サン・ミゲル・アルカンジョ 菊地氏に名誉市民賞

サン・ミゲル・アルカンジョ 菊地氏に名誉市民賞
同賞を受け取る菊地氏

援協の事業で地方都市に寄与 SUS病院建設に功績

サン・ミゲル・アルカンジョ 菊地氏に名誉市民賞
日本人会館で行われた祝賀会、乾杯の様子

 【既報関連】サンパウロ(聖)日伯援護協会(援協、与儀昭雄会長)評議員会長の菊地義治氏(78、岩手)が2日、サン・ミゲル・アルカンジョ市から名誉市民章を授章した。菊地氏は、援協会長として在留邦人の医療や高齢者介護環境の改善などを行い、同市にSUS(税金を財源とする統一医療制度)病院としてサン・ミゲル・アルカンジョ病院を建設した。また、同地日系社会に向けて、菊地氏は「援協の事業で、日系社会がある地方都市には、どんどん良くなってほしい」と語った。

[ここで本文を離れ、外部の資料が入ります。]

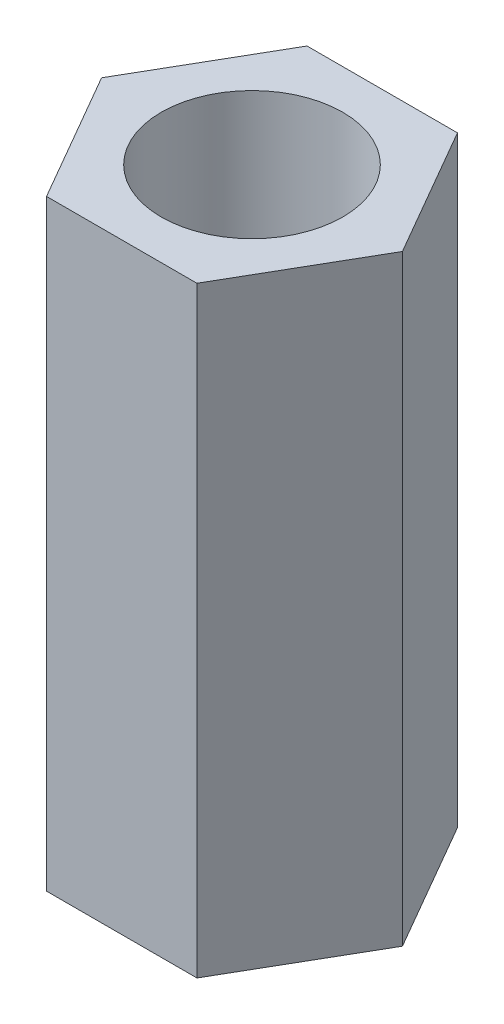
from build123d import *

# Parameters (mm, degrees)
BOSS_EXTRU_1_DEPTH      = 29
ESQUISSE2_R             = 4.375
ENL_V_MAT_EXTRU_1_DEPTH = 29


with BuildPart() as part:
    # Esquisse1 → Boss.-Extru.1 (new body)
    with BuildSketch(Plane(origin=(0, 0, 0), x_dir=(1, 0, 0), z_dir=(0, 1, 0))):
        Polygon((-7.25, 0), (-3.625, -6.278684177), (3.625, -6.278684177), (7.25, 0), (3.625, 6.278684177), (-3.625, 6.278684177), align=None)
    extrude(amount=BOSS_EXTRU_1_DEPTH)

    # Esquisse2 → Enlèv. mat.-Extru.1 (cut)
    with BuildSketch(Plane.XZ):
        with Locations(Location((0, 0, 0), (0, 0, 270))):
            Circle(ESQUISSE2_R)
    extrude(amount=-ENL_V_MAT_EXTRU_1_DEPTH, mode=Mode.SUBTRACT)


solid = part.part

 菊地氏は援協会長時に、在留邦人に医療環境、高齢者介護環境の改善・普及に務め、自閉症児療育環境の改善も行い、現地の日系人、在留邦人の福祉向上に貢献してきた。

 同市では、SUS病院建設に尽力し、同市から地域社会に役立つ病院を建てたことが高く評価され、市議会の推薦により授章が決まった。

 聖市から授与式へ向かった一行は、式前にサン・ミゲル・アルカンジョ病院を視察。同病院は2013年に開所式を行い、式にはジェラルド・アルキミン聖州知事も参列していた。14年には、同市の強い要望により、院内に「救急診療所(PA)」を増設し、同年12月14日から運営されている。

 与儀会長はSMA病院について、「SMAの一般の人のために、これからもSUS病院として良いイメージ、良いケアを保ちたい。援協の看板もあるので、一般のSUS病院とは違う立派な構えでやっていきたい」と話した。

 授与式では、SMA市から菊地氏、マルシオ・ジョルダニ牧師、ジョゼ・オリンピオ連邦宣教師代理の3人名誉市民章が贈られた。式には、同市長、同市議会議員、援協関係者、近郊の日本人会などから計150人が出席した。

 授章のあいさつで菊地氏は「援協は(同)市と一緒になって準備を進たからこそ、統一医療制度での診療をしっかり提供できている」と話し、同市の協力に賛辞を惜しまなかった。

 SMA病院のロザルド・ペレイラ・プロエンサ施設長は菊地氏の授章について、「非常に光栄なこと。SMAにとって大きな財産になる新しい市民ができた」と話し、「私達の責任は日々重くなるが、今まで以上に患者を大切にし、病院の発展に務めていきたい」と意気込む。

 授与式後は、SMA日本人会館に会場を移し、祝賀会が行われた。

 菊地氏は「援協、そしてSMAという素晴らしい街があって、病院を造ることができた。援協の事業で、こうした日系社会がある地方都市には、どんどん良くなってほしい。今後の発展のためにも、皆さんで支え合ってください」と同地日系社会に向けて語った。